As for the Libre-RISC 3D GPU, the group’s purpose is to design a hybrid CPU, VPU, and GPU. It’s not, as extensively reported, a “devoted unique GPU.” The choice exists to create a stand-alone GPU product. Their major purpose is to design an entire all-in-one processor SoC that occurs to incorporate a Libre-licensed VPU and GPU.
What do we expect?
The inhabitants of GPU suppliers is rising. We now have over a dozen.

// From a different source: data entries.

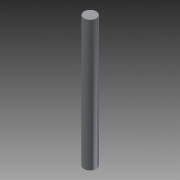
# Autodesk Inventor part: LaserMountPole2
Saved by Autodesk Inventor 2011 (Build 150239000, 239)
## iProperties
Created: 2010-07-18
Part Number: LaserMountPole2
Document SubType Name: Modeling
Designer: abarry
Density: 1 g/cm^3
Author: abarry
Autodesk Inventor part; units mm, degrees
ref_plane "YZ Plane" through (0, 0, 0) normal (1, 0, 0) x (0, 1, 0)
ref_plane "XZ Plane" through (0, 0, 0) normal (0, 1, 0) x (-1, 0, 0)
ref_plane "XY Plane" through (0, 0, 0) normal (0, 0, 1) x (1, 0, 0)
sketch "Sketch1" plane through (0, 0, 0) normal (0, 0, 1) x (1, 0, 0)
  circle A0 centre (0, 0) radius 1.65
  dimension "d0" = 3.3
  dimension "d0" = 3.3
  constraints: 1 centre point, 1 coincident
  measures "d0" diameter of A0
extrude "Extrusion1" add sketch "Sketch1" along normal blind 35
body "Solid1"
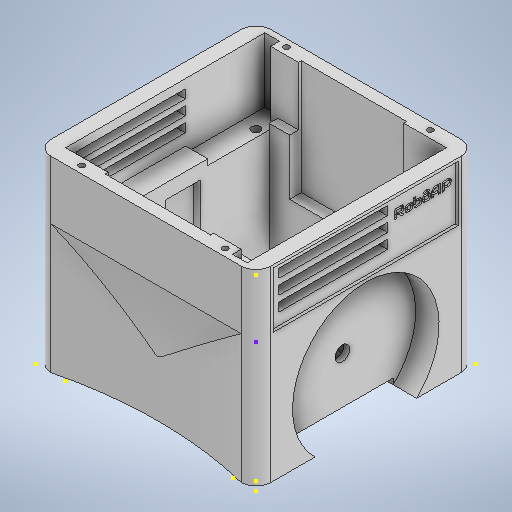
# Autodesk Inventor part: Chassi_VSSS
Saved by Autodesk Inventor 2025.2 (Build 292293000, 293)
## iProperties
Created: 2025-03-20
Part Number: Chassi_VSSS
Material: Genérico
Document SubType Name: Modeling
Designer: miche
Density: 1 g/cm^3
Appearance: Padrão
Author: miche
Autodesk Inventor part; units mm, degrees
(part 1 of 2)
ref_plane "YZ Plane" through (0, 0, 0) normal (1, 0, 0) x (0, 1, 0)
ref_plane "XZ Plane" through (0, 0, 0) normal (0, 1, 0) x (-1, 0, 0)
ref_plane "XY Plane" through (0, 0, 0) normal (0, 0, 1) x (1, 0, 0)
sketch "Esboço1" plane through (0, 0, 0) normal (0, 1, 0) x (-1, 0, 0)
  line L0 (5, 0) -> (70, 0)
  line L1 (75, -5) -> (75, -70)
  line L2 (70, -75) -> (5, -75)
  line L3 (0, -70) -> (0, -5)
  arc A0 (75, -5) -> (70, 0) centre (70, -5) ccw
  arc A1 (70, -75) -> (75, -70) centre (70, -70) ccw
  arc A2 (0, -70) -> (5, -75) centre (5, -70) ccw
  arc A3 (5, 0) -> (0, -5) centre (5, -5) ccw
  point P0 (0, 0)
  point P1 (75, -75)
  point P2 (75, 0)
  point P3 (0, -75)
  dimension "d0" = 75
  dimension "d1" = 75
  dimension "d2" = 5
  dimension "d3" = 5
  constraints: 8 end point, 8 point on circle, 8 point on line, 8 tangent, 4 centre point, 2 equal radius, 2 parallel, 1 horizontal, 1 perpendicular
  measures "d0" distance of point (75, -75) point (0, -75)
  measures "d1" distance of point (75, 0) point (75, -75)
  measures "d2" radius of A0
  measures "d3" radius of A3
extrude "Extrusão1" add sketch "Esboço1" along normal blind 3
sketch "Esboço2" plane through (0, 3, 0) normal (0, 1, 0) x (1, 0, 0)
  arc A0 (-70, 75) -> (-75, 70) centre (-70, 70) ccw projected
  line L0 (-70, 75) -> (-70, 70)
  line L1 (-70, 70) -> (-75, 70)
  line L2 (-70, 70) -> (-70, 5)
  line L3 (-70, 5) -> (-75, 5)
  line L4 (-75, 5) -> (-75, 70)
  line L5 (-70, 70) -> (-5, 70)
  line L6 (-5, 70) -> (-5, 5)
  line L7 (-5, 5) -> (-70, 5)
  line L8 (-5, 70) -> (0, 70)
  line L9 (0, 70) -> (0, 5)
  line L10 (0, 5) -> (-5, 5)
  line L11 (-5, 5) -> (-5, 0)
  line L12 (-5, 0) -> (-70, 0)
  line L13 (-70, 0) -> (-70, 5)
  line L14 (-5, 75) -> (-70, 75) projected
  line L15 (-5, 75) -> (-5, 70)
  arc A1 (-70, 75) -> (-75, 70) centre (-70, 70) ccw
  arc A2 (0, 70) -> (-5, 75) centre (-5, 70) ccw projected
  arc A3 (0, 70) -> (-5, 75) centre (-5, 70) ccw
  arc A4 (-5, 0) -> (0, 5) centre (-5, 5) ccw projected
  arc A5 (-5, 0) -> (0, 5) centre (-5, 5) ccw
  arc A6 (-75, 5) -> (-70, 0) centre (-70, 5) ccw
  line L16 (-70, 70) -> (-65, 70)
  line L17 (-65, 70) -> (-65, 5)
  line L18 (-65, 5) -> (-70, 5)
  line L19 (-70, 5) -> (-70, 70)
  line L20 (-5, 70) -> (-10, 70)
  line L21 (-10, 70) -> (-10, 5)
  line L22 (-10, 5) -> (-5, 5)
  line L23 (-5, 5) -> (-5, 70)
  line L24 (-70, 70) -> (-70, 71)
  line L25 (-70, 70) -> (-5, 70)
  line L26 (-5, 70) -> (-5, 71)
  line L27 (-5, 71) -> (-70, 71)
  line L28 (-70, 71) -> (-70, 70)
  line L29 (-70, 5) -> (-5, 5)
  line L30 (-5, 5) -> (-5, 4)
  line L31 (-5, 4) -> (-70, 4)
  line L32 (-70, 4) -> (-70, 5)
  arc A7 (-70, 75) -> (-5, 75) centre (-37.5, 205.0313) ccw
  arc A8 (-5, 0) -> (-70, 0) centre (-37.5, -130.0312) ccw
  point P0 (0, 0)
  constraints: 64 end point, 13 perpendicular, 13 point on circle, 10 point on line, 9 parallel, 6 centre point, 5 horizontal, 2 tangent, 2 vertical
extrude "Extrusão2" add sketch "Esboço2" along normal blind 15 contours L1 L2 L3 L4 | L5 L17 L7 L2 | L9 L10 L6 L8 | L6 L7 L21 L5
extrude "Extrusão3" cut sketch "Esboço2" against normal blind 3 contours L14 A7 | A8 L12
extrude "Extrusão4" add sketch "Esboço2" along normal blind 15 contours L0 L1 A0 | A7 L27 L0 | L27 L15 L5 L0 | A2 L8 L15 | L15 L27 A7 | L3 L13 A6 | L7 L11 L31 L13 | L13 L31 A8 | A4 L11 L10 | A8 L31 L11
sketch "Esboço3" plane through (-75, 0, -70) normal (-1, 0, 0) x (0, 0, 1)
  line L0 (65, 18) -> (0, 18) projected
  line L1 (32.5, 18) -> (32.5, 0)
  circle A0 centre (32.5, 18) radius 25
  circle A1 centre (32.5, 18) radius 2.5
  point P0 (70, 0)
  dimension "d35" = 5
  constraints: 2 centre point, 2 coincident, 2 end point, 1 midpoint, 1 vertical
  measures "d35" diameter of A1
sketch "Esboço4" plane through (0, 0, -5) normal (1, 0, 0) x (0, 0, -1)
  line L0 (0, 18) -> (65, 18) projected
  line L1 (32.5, 18) -> (32.5, 0)
  line L2 (0, 0) -> (65, 0) projected
  circle A0 centre (32.5, 18) radius 25
  circle A1 centre (32.5, 18) radius 2.5
  point P0 (-5, 0)
  dimension "d12" = 50
  dimension "d30" = 5
  constraints: 2 centre point, 2 coincident, 2 end point, 2 midpoint
  measures "d12" diameter of A0
  measures "d30" diameter of A1
sketch "Esboço5" plane through (0, 18, 0) normal (0, 1, 0) x (1, 0, 0)
  line L0 (-10, 70) -> (-10, 5) projected
  line L1 (-10, 5) -> (0, 5)
  line L2 (0, 5) -> (0, 70)
  line L3 (0, 70) -> (-10, 70)
  line L4 (-10, 70) -> (-10, 5)
  line L5 (-75, 70) -> (-75, 5) projected
  line L6 (-65, 70) -> (-65, 5) projected
  line L7 (-75, 5) -> (-65, 5)
  line L8 (-65, 5) -> (-65, 70)
  line L9 (-65, 70) -> (-75, 70)
  line L10 (-75, 70) -> (-75, 5)
  point P0 (0, 0)
  constraints: 16 end point, 4 parallel, 2 horizontal, 2 perpendicular
extrude "Extrusão5" add sketch "Esboço5" along normal blind 26
sketch "Esboço6" plane through (0, 18, 0) normal (0, 1, 0) x (1, 0, 0)
  arc A0 (0, 70) -> (-5, 75) centre (-5, 70) ccw projected
  line L0 (-5, 75) -> (-5, 70)
  line L1 (-5, 70) -> (0, 70)
  point P0 (0, 0)
  constraints: 4 end point, 1 perpendicular, 1 vertical
extrude "Extrusão6" add sketch "Esboço6" along normal blind 26
sketch "Esboço7" plane through (-5, 18, -75) normal (-1, 0, 0) x (0, 0, 1)
  line L0 (5, 26) -> (0, 26) projected
  line L1 (5, 26) -> (4, 26)
  line L2 (4, 26) -> (4, 0)
  line L3 (4, 0) -> (5, 0)
  line L4 (5, 0) -> (5, 26)
  arc A0 (4, 0) -> (0, 26) centre (-79.25, 0.5) ccw
  line L5 (0, 26) -> (4, 26)
  point P0 (75, -18)
  point P1 (4, 1)
  point P2 (4, 26)
  constraints: 10 end point, 2 parallel, 2 point on circle, 1 centre point, 1 collinear, 1 horizontal, 1 perpendicular
sketch "Esboço8" plane through (0, 18, 0) normal (0, 1, 0) x (1, 0, 0)
  line L0 (-5, 70) -> (-10, 70) projected
  arc A0 (-70, 75) -> (-5, 75) centre (-37.5, 205.0313) ccw projected
  line L1 (-5, 70) -> (-5, 75)
  line L2 (-75, 70) -> (-65, 70) projected
  line L3 (-5, 70) -> (-75, 70)
  arc A1 (-70, 75) -> (-75, 70) centre (-70, 70) ccw projected
  arc A2 (-70, 75) -> (-75, 70) centre (-70, 70) ccw
  arc A3 (-70, 75) -> (-5, 75) centre (-37.5, 205.0313) ccw
  point P0 (0, 0)
  constraints: 4 end point, 4 point on circle, 2 centre point, 1 collinear, 1 concentric, 1 vertical
extrude "Extrusão7" add sketch "Esboço8" along normal blind 26
extrude "Extrusão8" add sketch "Esboço7" along normal blind 65
sketch "Esboço9" plane through (0, 18, 0) normal (0, 1, 0) x (1, 0, 0)
  arc A0 (-5, 0) -> (-70, 0) centre (-37.5, -130.0312) ccw projected
  line L0 (-70, 0) -> (-70, 5)
  line L1 (-65, 5) -> (-75, 5) projected
  line L2 (-70, 5) -> (-75, 5)
  arc A1 (-75, 5) -> (-70, 0) centre (-70, 5) ccw projected
  arc A2 (-75, 5) -> (-70, 0) centre (-70, 5) ccw
  line L3 (-70, 5) -> (0, 5)
  arc A3 (-5, 0) -> (-70, 0) centre (-37.5, -130.0312) ccw
  arc A4 (-5, 0) -> (0, 5) centre (-5, 5) ccw projected
  arc A5 (-5, 0) -> (0, 5) centre (-5, 5) ccw
  point P0 (0, 0)
  constraints: 6 end point, 6 point on circle, 3 centre point, 1 collinear, 1 concentric, 1 point on line, 1 vertical
extrude "Extrusão9" add sketch "Esboço9" along normal blind 26 contours A1 L1 L0
sketch "Esboço13" plane through (0, 18, 0) normal (0, 1, 0) x (1, 0, 0)
  line L0 (-70, 5) -> (-70, 0) projected
  line L1 (-10, 5) -> (0, 5) projected
  line L2 (-70, 5) -> (0, 5)
  arc A0 (-5, 0) -> (-70, 0) centre (-37.5, -130.0312) ccw projected
  line L3 (-5, 0) -> (-5, 4)
  line L4 (-70, 0) -> (-70, 4)
  line L5 (-70, 4) -> (-5, 4)
  arc A1 (-5, 0) -> (-70, 0) centre (-37.5, -130.0312) ccw
  arc A2 (-5, 0) -> (0, 5) centre (-5, 5) ccw projected
  arc A3 (-5, 0) -> (0, 5) centre (-5, 5) ccw
  point P0 (0, 0)
  constraints: 8 end point, 4 point on circle, 2 centre point, 1 collinear, 1 parallel, 1 point on line, 1 vertical
sketch "Esboço14" plane through (-70, 18, 0) normal (1, 0, 0) x (0, 0, -1)
  line L0 (5, 26) -> (0, 26) projected
  line L1 (5, 26) -> (4, 26)
  line L2 (4, 0) -> (4, -18) projected
  line L3 (4, 0) -> (4, 26)
  line L4 (0, 26) -> (4, 26)
  arc A0 (4, 0) -> (0, 26) centre (-79.25, 0.5) ccw
  point P0 (0, -18)
  point P1 (0, 26)
  point P2 (4, 1)
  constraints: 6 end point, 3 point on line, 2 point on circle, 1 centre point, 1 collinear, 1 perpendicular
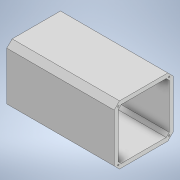
# Autodesk Inventor part: shell
Saved by Autodesk Inventor 2020.3 (Build 243373000, 373)
## iProperties
Created: 2020-08-10
Part Number: shell
Material: Generic
Document SubType Name: Modeling
Designer: joesp
Density: 1 g/cm^3
Appearance: Default
Author: joesp
Autodesk Inventor part; units mm, degrees
ref_plane "YZ Plane" through (0, 0, 0) normal (1, 0, 0) x (0, 1, 0)
ref_plane "XZ Plane" through (0, 0, 0) normal (0, 1, 0) x (-1, 0, 0)
ref_plane "XY Plane" through (0, 0, 0) normal (0, 0, 1) x (1, 0, 0)
sketch "Sketch1" plane through (0, 0, 0) normal (1, 0, 0) x (0, 1, 0)
  line L0 (100, 110) -> (110, 100)
  line L1 (110, 100) -> (110, 10)
  line L2 (110, 10) -> (100, 0)
  line L3 (100, 0) -> (10, 0)
  line L4 (10, 0) -> (0, 10)
  line L5 (0, 10) -> (0, 100)
  line L6 (0, 100) -> (10, 110)
  line L7 (10, 110) -> (100, 110)
  line L8 (102.5, 96.8934) -> (102.5, 13.1066)
  line L9 (96.8934, 7.5) -> (13.1066, 7.5)
  line L10 (13.1066, 7.5) -> (7.5, 13.1066)
  line L11 (7.5, 13.1066) -> (7.5, 96.8934)
  line L12 (7.5, 96.8934) -> (13.1066, 102.5)
  line L13 (13.1066, 102.5) -> (96.8934, 102.5)
  circle A0 centre (102.3483, 7.6517) radius 1.5
  circle A1 centre (102.3483, 102.3483) radius 1.5
  circle A2 centre (7.6517, 102.3483) radius 1.5
  circle A3 centre (7.6517, 7.6517) radius 1.5
  line L14 (96.8934, 7.5) -> (102.5, 13.1066)
  line L15 (102.5, 96.8934) -> (96.8934, 102.5)
  point P0 (0, 0)
  dimension "d0" = 110
  dimension "d1" = 110
  dimension "d2" = 45
  dimension "d3" = 10
  dimension "d4" = 7.5
  dimension "d5" = 7.5
  dimension "d6" = 7.5
  dimension "d7" = 7.5
  dimension "d8" = 45
  dimension "d11" = 3
  dimension "d13" = 3.75
  dimension "d14" = 7.5
  dimension "d15" = 3.75
  dimension "d18" = 8.0039
  dimension "d19" = 8.0039
  dimension "d20" = 7.5
  dimension "d21" = 3.75
  dimension "d22" = 3.75
  dimension "d23" = 8.0039
  dimension "d24" = 8.0039
  dimension "d25" = 3.75
  dimension "d26" = 3.75
  dimension "d27" = 8.0039
  dimension "d28" = 8.0039
  dimension "d29" = 3.75
  dimension "d30" = 3.75
  dimension "d31" = 8.0039
  dimension "d32" = 8.0039
  constraints: 32 end point, 8 equal length, 5 parallel, 5 perpendicular, 4 centre point, 3 equal radius, 1 horizontal alignment, 1 vertical, 1 vertical alignment
  measures "d0" distance between parallel lines of L5 L1
  measures "d1" distance between parallel lines of L3 L7
  measures "d2" angle of L5 L4
  measures "d3" distance of point (0, 0) L3.end
  measures "d4" distance between parallel lines of L1 L8
  measures "d5" distance between parallel lines of L7 L13
  measures "d6" distance between parallel lines of L3 L9
  measures "d7" distance between parallel lines of L5 L11
  measures "d8" angle of L11 L10
  measures "d11" diameter of A0
  measures "d13" distance from line of L2 A0.centre
  measures "d14" distance between parallel lines of L2 L14
  measures "d15" distance from line of L14 A0.centre
  measures "d18" distance of L2.end A0.centre
  measures "d19" distance of L1.end A0.centre
  measures "d20" distance between parallel lines of L0 L15
  measures "d21" distance from line of L0 A1.centre
  measures "d22" distance from line of L15 A1.centre
  measures "d23" distance of L0.end A1.centre
  measures "d24" distance of L0.start A1.centre
  measures "d25" distance from line of L10 A3.centre
  measures "d26" distance from line of L4 A3.centre
  measures "d27" distance of L3.end A3.centre
  measures "d28" distance of L4.end A3.centre
  measures "d29" distance from line of L12 A2.centre
  measures "d30" distance from line of L6 A2.centre
  measures "d31" distance of L6.end A2.centre
  measures "d32" distance of L5.end A2.centre
extrude "Extrusion1" add sketch "Sketch1" along normal blind 200
equation "\"d1\" = d0"
equation "\"d5\" = d4"
equation "\"d6\" = d4"
equation "\"d7\" = d4"
equation "\"d14\" = d4"
equation "\"d15\" = d13"
equation "\"d18\" = d19"
equation "\"d20\" = d4"
equation "\"d21\" = d22"
equation "\"d25\" = d26"
equation "\"d29\" = d30"
body "Solid1"

Apple | Libre-RISC-V 3D GPU | Qualcomm |
AMD | Nvidia | RISC-V Graphics |
Arm | Intel | Suppose-Silicon |
DMP | Jingjia Micro | VeriSilcion |
Creativeness Applied sciences |
An utility not listed as a possible consumer of a free, versatile, small GPU contains crypto-currency and mining.
If it’s the purpose of the RISC-V neighborhood to emulate the IP suppliers similar to Arm and Creativeness, then we will anticipate to see DSP, ISP and DP designs. There’s at the very least one Open DSP proposal; maybe it may be introduced into the RISC-V neighborhood.
It can take at the very least two years earlier than any {hardware} implementations emerge. One of the logical candidates for adopting this design is Xilinx, which is now utilizing Arm’s Mali in its Zynq design. We might additionally anticipate to see a number of implementations come out of China.
— Jon Peddie, a pioneer within the graphics business, is president of Jon Peddie Analysis.